虚眯双眸,我瞭望着远处的天空,心里竟翻滚着一种莫名的冲动。落霞,余晖,辉光熠熠,绚烂多彩。赤金色的霞晕铺天盖地笼罩小镇,大片燃烧的火烧云在落日周围作着陪衬,红彤彤的掺杂着金色。如此暮景,于小镇也算是不可多见的奇观。
“六十五”的名字便是在此情此景下诞生的。没有缘由,也没有征兆,它就像一道转瞬即逝的闪亮流星,出其不意地在我脑海中留下了一条闪亮的踪迹。似乎这样一个闪亮的名字本就应该属于这辆在晚霞中同样闪亮的自行车,一切就像是提前拟好的剧本,发生得那么突然而又那么自然。
可剧本的结局却大大出乎了我的意料。
我怎么也不可能想到,“六十五”那原本金光灿灿的车身,竟会在我回家后变得一片漆黑。
我吓得不轻。怎么着,哥们儿,你也只是进了停车区,又不是红灯区,怎么还自带“变色”功能?手指往车身一抹,一捻,直到残余的金色粉末刷刷往下掉,我才反应过来,哪里是什么黄铜,这分明是刚涂上没多久的金色荧光粉!
我自认为算是一个“聪明人”,聪明人在社会这滩浑水里摸爬打滚时一般都会多长一个心眼,但没想到我竟能遇见多长了一打心眼的人。
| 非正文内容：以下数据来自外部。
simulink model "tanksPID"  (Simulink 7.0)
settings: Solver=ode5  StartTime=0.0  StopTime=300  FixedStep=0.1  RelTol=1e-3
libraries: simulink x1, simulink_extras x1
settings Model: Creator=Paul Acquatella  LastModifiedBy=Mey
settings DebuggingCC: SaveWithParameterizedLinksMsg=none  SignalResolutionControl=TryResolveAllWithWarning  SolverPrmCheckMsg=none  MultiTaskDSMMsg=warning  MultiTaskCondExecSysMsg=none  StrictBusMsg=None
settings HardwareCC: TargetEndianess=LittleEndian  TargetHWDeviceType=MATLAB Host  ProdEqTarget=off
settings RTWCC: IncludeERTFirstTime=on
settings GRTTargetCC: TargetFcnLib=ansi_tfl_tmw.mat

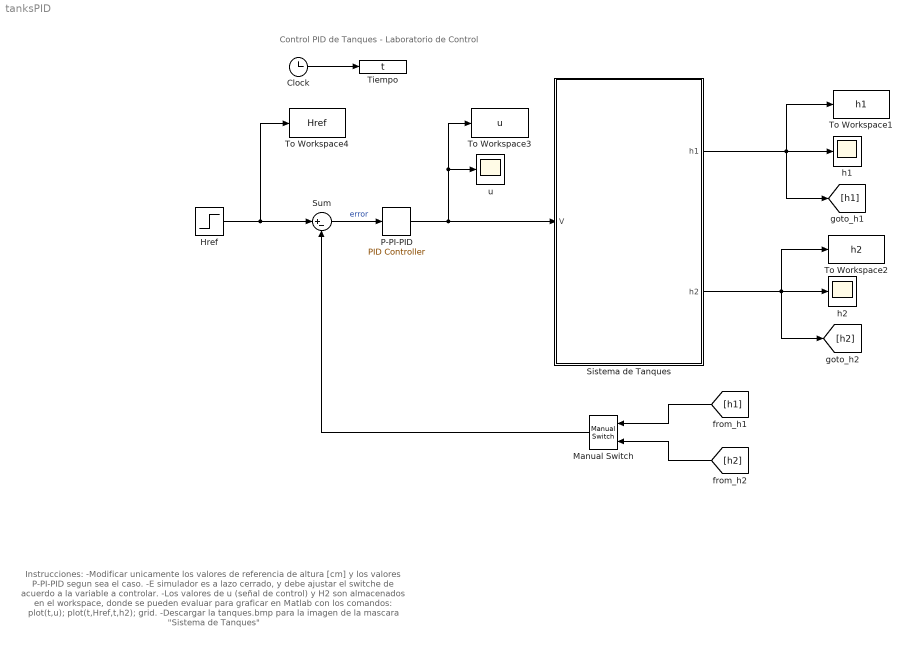
== system tanksPID ==
  note: Control PID de Tanques - Laboratorio de Control
  note: Instrucciones:
      | -Modificar unicamente los valores de referencia de altura [cm] y los valores P-PI-PID segun
      | sea el caso.
      | -E simulador es a lazo cerrado, y debe ajustar el switche de acuerdo a la variable
      | a controlar.
      | -Los valores de u (señal de control) y H2 son almacenados en el workspace, donde se pueden
      | evaluar para graficar en Matlab con los comandos: plot(t,u); plot(t,Href,t,h2); grid.
      | -Descargar la tanques.bmp para la imagen de la mascara "Sistema de Tanques"
  Clock : Clock
      settings: Decimation=10
  Href : Step  Time=110  Before=5.5  After=6.7
  Manual Switch : simulink/Signal Routing/Manual Switch  Orientation=left  SystemSampleTime=-1  sw=1  action=0  varsize=off
  P-PI-PID : simulink_extras/Additional Linear/PID Controller  SystemSampleTime=-1  P=16.62  I=3.08  D=22.437
  Sistema de Tanques : Subsystem
      mask Display: image(imread('tanques.bmp'))
  Sum : Sum  Inputs=|+-  OutDataType=sfix(16)  OutScaling=2^0
  Tiempo : ToWorkspace  VariableName=t  SaveFormat=Array
  To Workspace1 : ToWorkspace  VariableName=h1  SaveFormat=Array
  To Workspace2 : ToWorkspace  VariableName=h2  SaveFormat=Array
  To Workspace3 : ToWorkspace  VariableName=u  SaveFormat=Array
  To Workspace4 : ToWorkspace  VariableName=Href  SaveFormat=Array
  h1 : Scope
  h2 : Scope
  u : Scope
      settings: SaveName=ScopeData2
  wires:
  Clock/1 -> Tiempo/1
  Sistema de Tanques/1(h1) -> h1/1, To Workspace1/1, [h1]
  Sistema de Tanques/2(h2) -> To Workspace2/1, h2/1, [h2]
  Href/1 -> Sum/1, To Workspace4/1
  Sum/1 -> P-PI-PID/1  "error"
  P-PI-PID/1 -> Sistema de Tanques/1(V), To Workspace3/1, u/1
  [h1] -> Manual Switch/1
  [h2] -> Manual Switch/2
  Manual Switch/1 -> Sum/2

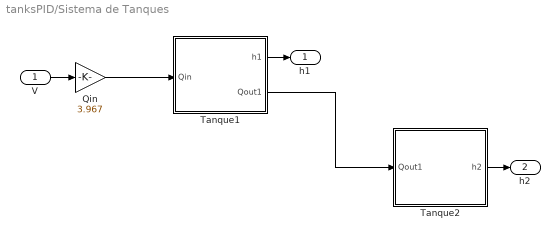
== system tanksPID/Sistema de Tanques ==
  V : Inport
  Qin : Gain  Gain=3.967  ParameterDataType=sfix(16)  ParameterScaling=2^0  OutDataType=sfix(16)  OutScaling=2^0
  Tanque1 : Subsystem
  Tanque2 : Subsystem
  h1 : Outport
  h2 : Outport  Port=2
  wires:
  Qin/1 -> Tanque1/1(Qin)
  Tanque1/2(Qout1) -> Tanque2/1(Qout1)
  Tanque1/1(h1) -> h1/1
  V/1 -> Qin/1
  Tanque2/1(h2) -> h2/1

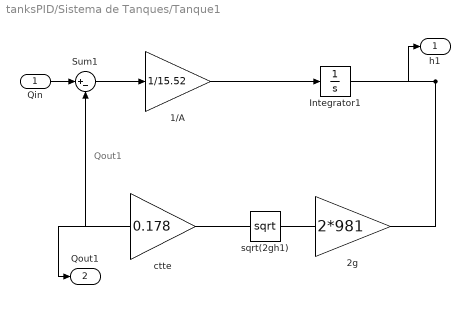
== system tanksPID/Sistema de Tanques/Tanque1 ==
  note: Qout1
  Qin : Inport  OutDataType=sfix(16)  OutScaling=2^0
  1/A : Gain  Gain=1/15.52  ParameterDataType=sfix(16)  ParameterScaling=2^0  OutDataType=sfix(16)  OutScaling=2^0
  2g : Gain  Gain=2*981  ParameterDataType=sfix(16)  ParameterScaling=2^0  OutDataType=sfix(16)  OutScaling=2^0
  Integrator1 : Integrator
  Sum1 : Sum  Inputs=|+-  OutDataType=sfix(16)  OutScaling=2^0  InputSameDT=on
  ctte : Gain  Gain=0.178  ParameterDataType=sfix(16)  ParameterScaling=2^0  OutDataType=sfix(16)  OutScaling=2^0
  sqrt(2gh1) : Math  Operator=sqrt  OutDataType=sfix(16)  OutScaling=2^0  SaturateOnIntegerOverflow=on
  h1 : Outport  OutDataType=sfix(16)  OutScaling=2^0
  Qout1 : Outport  Port=2  OutDataType=sfix(16)  OutScaling=2^0
  wires:
  2g/1 -> sqrt(2gh1)/1
  sqrt(2gh1)/1 -> ctte/1
  Sum1/1 -> 1/A/1
  1/A/1 -> Integrator1/1
  Integrator1/1 -> 2g/1, h1/1
  ctte/1 -> Sum1/2, Qout1/1
  Qin/1 -> Sum1/1

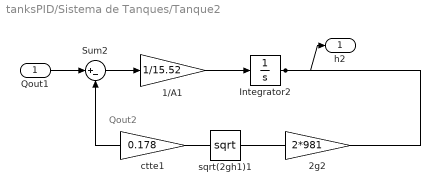
== system tanksPID/Sistema de Tanques/Tanque2 ==
  note: Qout2
  Qout1 : Inport  OutDataType=sfix(16)  OutScaling=2^0
  1/A1 : Gain  Gain=1/15.52  ParameterDataType=sfix(16)  ParameterScaling=2^0  OutDataType=sfix(16)  OutScaling=2^0
  2g2 : Gain  Gain=2*981  ParameterDataType=sfix(16)  ParameterScaling=2^0  OutDataType=sfix(16)  OutScaling=2^0
  Integrator2 : Integrator
  Sum2 : Sum  Inputs=|+-  OutDataType=sfix(16)  OutScaling=2^0  InputSameDT=on
  ctte1 : Gain  Gain=0.178  ParameterDataType=sfix(16)  ParameterScaling=2^0  OutDataType=sfix(16)  OutScaling=2^0
  sqrt(2gh1)1 : Math  Operator=sqrt  OutDataType=sfix(16)  OutScaling=2^0  SaturateOnIntegerOverflow=on
  h2 : Outport  OutDataType=sfix(16)  OutScaling=2^0
  wires:
  2g2/1 -> sqrt(2gh1)1/1
  sqrt(2gh1)1/1 -> ctte1/1
  ctte1/1 -> Sum2/2
  Sum2/1 -> 1/A1/1
  1/A1/1 -> Integrator2/1
  Integrator2/1 -> 2g2/1, h2/1
  Qout1/1 -> Sum2/1

我自认为在“螳螂捕蝉”的故事中扮演了螳螂的角色,不顾一切地扑向眼前的巨蝉后才发现这他妈是一只麻雀伪装成了蝉的样子引我上钩。
直到某天,趁着跟一帮朋友喝酒吹牛的工夫,一经营假首饰的哥们儿偶然告诉我:嚯!阿馍,你这车锁是银饰品哪!好家伙,镀外边这层925银,没几百块钱拿不下来。